Alfred W. Fielding co-invented Bubble Wrap in the late 1950s. Today, Sealed Air Corporation, the Saddle Brook, N.J.-based company he co-founded in 1960, is a worldwide manufacturer of packaging materials with annual revenues exceeding $3 billion. Fielding's story is one of those inspirational invention tales with a creative, unintended twist - a success story that even today Stevens students can learn from as they look forward to their careers. The early history of Bubble Wrap demonstrates, for inventors, that keeping an open mind to possible applications is a clear advantage - ultimately, you may start out trying to invent one thing, only to hit on an even better idea.
Inventor & Entrepreneur
The story begins in 1957 in a garage in Hawthorne, N.J., with two entrepreneurial engineers hard at work, Fielding and his partner, a Swiss inventor named Marc Chavannes. They are trying to invent a plastic wallpaper with a paper backing. It fails. But along the way they realize their invention could be used for packing material. Thus, giving birth to what is now known around the world as Bubble Wrap, and the Sealed Air Corporation, the company that has developed and marketed it. Through its technology, Sealed Air Corporation essentially built a specialty chemical business in protective packaging. The kinds of chemical engineering processes employed to make Sealed Air's products a success are taught at Stevens today. What's more, the entrepreneurial spirit behind the environment at Stevens is the very same that led Fielding to found Sealed Air Corporation.
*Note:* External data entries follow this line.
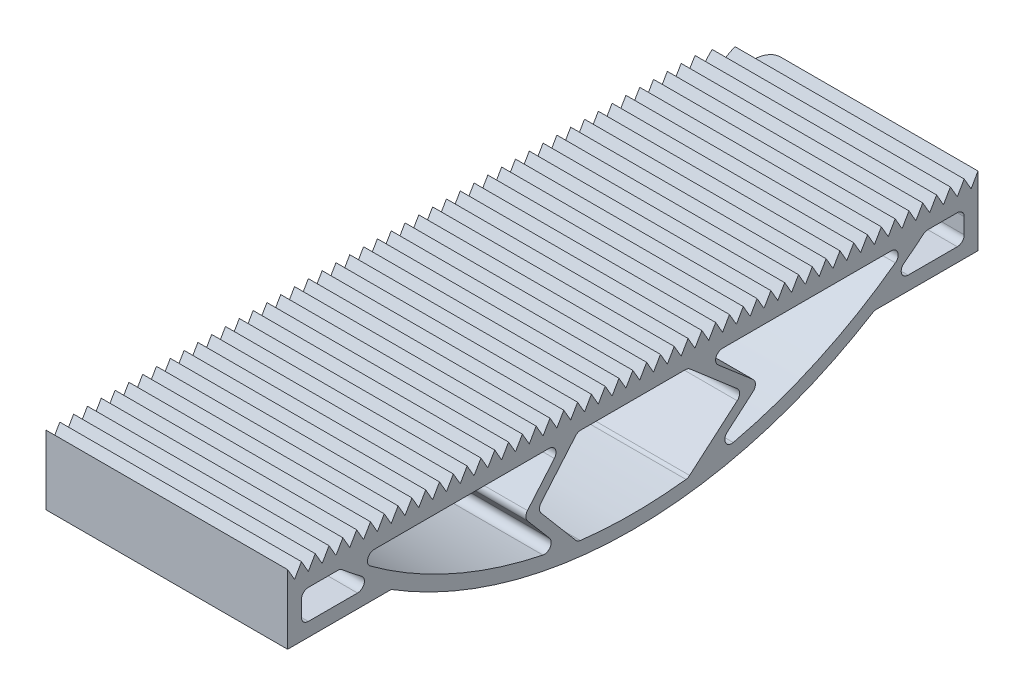
SolidWorks part; units mm, degrees
material "TPU_3C"
ref_plane "Front Plane" through (0, 0, 0) normal (0, 0, 1) x (1, 0, 0)
ref_plane "Top Plane" through (0, 0, 0) normal (0, 1, 0) x (1, 0, 0)
ref_plane "Right Plane" through (0, 0, 0) normal (1, 0, 0) x (0, 0, -1)
sketch "Sketch1" plane through (0, 0, 0) normal (0, 1, 0) x (1, 0, 0)
  line L1 (0, 0) -> (35, 0)
  line L2 (0, 0) -> (0, 100)
  line L3 (0, 100) -> (35, 100)
  line L4 (35, 0) -> (35, 100)
  dimension "D1" = 35
  dimension "D2" = 100
extrude "Boss-Extrude1" add sketch "Sketch1" along normal blind 10
sketch "Sketch3" plane through (0, 0, 0) normal (-1, 0, 0) x (0, 0, 1)
  line L0 (-100, 10) -> (-99, 8.2679)
  line L1 (-99, 8.2679) -> (-98, 10)
  line L2 (-100, 10) -> (0, 10) construction
  line L3 (-98, 10) -> (-100, 10)
  dimension "D1" = 2
  dimension "D2" = 2
  dimension "D3" = 2
extrude "Cut-Extrude1" cut sketch "Sketch3" against normal through all
pattern_linear "LPattern1" count 50 spacing 2 along (0, 0, 1) of "Cut-Extrude1"
sketch "Sketch4" plane through (35, 0, 0) normal (1, 0, 0) x (0, 0, -1)
  line L0 (0, 0) -> (100, 0) construction
  line L1 (15, 0) -> (85, 0)
  arc A0 (15, 0) -> (85, 0) centre (50, 56.25) ccw
  dimension "D1" = 15
  dimension "D2" = 15
  dimension "D3" = 10
extrude "Boss-Extrude2" add sketch "Sketch4" against normal blind 35
fillet "Fillet1" radius 6.5 1 edges at (0, 5, -100)
sketch "Sketch5" plane through (0, 0, 0) normal (-1, 0, 0) x (0, 0, 1)
  line L1 (-90.3715, 6.2679) -> (-9.6285, 6.2679)
  line L2 (-58, 6.2679) -> (-66, -0.616)
  line L3 (-66, -0.616) -> (-58, -7.5)
  line L6 (-60.7764, -7.0898) -> (-68.2997, -0.616)
  line L7 (-68.2997, -0.616) -> (-60.2997, 6.2679)
  line L10 (-42, 6.2679) -> (-36.1602, -0.616)
  line L11 (-36.1602, -0.616) -> (-42, -7.5)
  line L12 (-39.7605, -7.1788) -> (-34.1931, -0.616)
  line L13 (-34.1931, -0.616) -> (-40.033, 6.2679)
  line L14 (-100, 0) -> (-93.5, 0) construction
  line L15 (-98, 6.2679) -> (-92.3715, 6.2679)
  line L16 (-98, 6.2679) -> (-98, 2)
  line L17 (-98, 2) -> (-92.3715, 2)
  line L18 (-92.3715, 6.2679) -> (-92.3715, 2)
  line L19 (-2, 6.2679) -> (-7.6285, 6.2679)
  line L20 (-2, 6.2679) -> (-2, 2)
  line L21 (-2, 2) -> (-7.6285, 2)
  line L22 (-7.6285, 6.2679) -> (-7.6285, 2)
  line L23 (-100, 0) -> (-100, 10) construction
  line L24 (-15, 0) -> (0, 0) construction
  line L25 (0, 10) -> (0, 0) construction
  line L26 (-92.3715, 2) -> (-86.749, 2)
  line L27 (-13.251, 2) -> (-7.6285, 2)
  arc A1 (-92.3715, 6.2679) -> (-86.749, 2) centre (-50, 56.25) ccw
  arc A2 (-90.3715, 6.2679) -> (-9.6285, 6.2679) centre (-50, 56.25) ccw
  arc A3 (-85, 0) -> (-15, 0) centre (-50, 56.25) ccw construction
  arc A4 (-7.6285, 6.2679) -> (-13.251, 2) centre (-50, 56.25) cw
  point P17 (-50, 6.2679)
  dimension "D1" = 2
  dimension "D2" = 2
  dimension "D3" = 1.5
  dimension "D4" = 1.5
  dimension "D5" = 1.5
  dimension "D6" = 1.5
  dimension "D7" = 8
  dimension "D8" = 8
  dimension "D9" = 8
  dimension "D10" = 2
  dimension "D11" = 2
  dimension "D12" = 2
  dimension "D13" = 2
  dimension "D14" = 2
  dimension "D15" = 2
extrude "Cut-Extrude2" cut sketch "Sketch5" against normal through all contours L18 L15 L16 L17 | A1 L18 L26 | L1 A2 L6 L7 | L3 A2 L11 L10 L1 L2 | L12 A2 L1 L13 | L19 L22 L21 L20 | L22 A4 L27
fillet "Fillet2" radius 1 22 edges at (17.5, 6.2679, -7.6285) (17.5, 2, -13.251) (17.5, 2, -2) (17.5, 6.2679, -2) (17.5, 6.2679, -90.3715) (17.5, 6.2679, -9.6285) (17.5, -7.1788, -39.7605) (17.5, -0.616, -34.1931) (17.5, 6.2679, -40.033) (17.5, -7.5, -42) (17.5, -0.616, -36.1602) (17.5, 6.2679, -42) (17.5, 6.2679, -58) (17.5, -7.5, -58) (17.5, -0.616, -66) (17.5, -7.0898, -60.7764) (17.5, 6.2679, -60.2997) (17.5, -0.616, -68.2997) (18.4048, 2, -98) (17.5, 2, -86.749) (17.5, 6.2679, -92.3715) (18.4048, 6.2679, -98)

A native of Hackensack, N.J., Fielding graduated from Stevens in 1939. He earned a master of science degree from Stevens in 1943. Stevens awarded him an honorary Doctor of Engineering degree in 1986. He is in the New Jersey Inventors Hall of Fame for his role in creating Bubble Wrap, and he was inducted into membership in The Newcomen Society of the United States in 1982. The Newcomen Society recognizes pioneers who have laid the foundations for major enterprises.
A Generous Benefactor to Stevens
Fielding was also particularly generous to his alma mater, providing funds for a laboratory established during his lifetime, and, through his family's continued generosity, for the future establishment of an endowed chairmanship on the Stevens faculty. A conference room in the university's main administration building was named in his honor.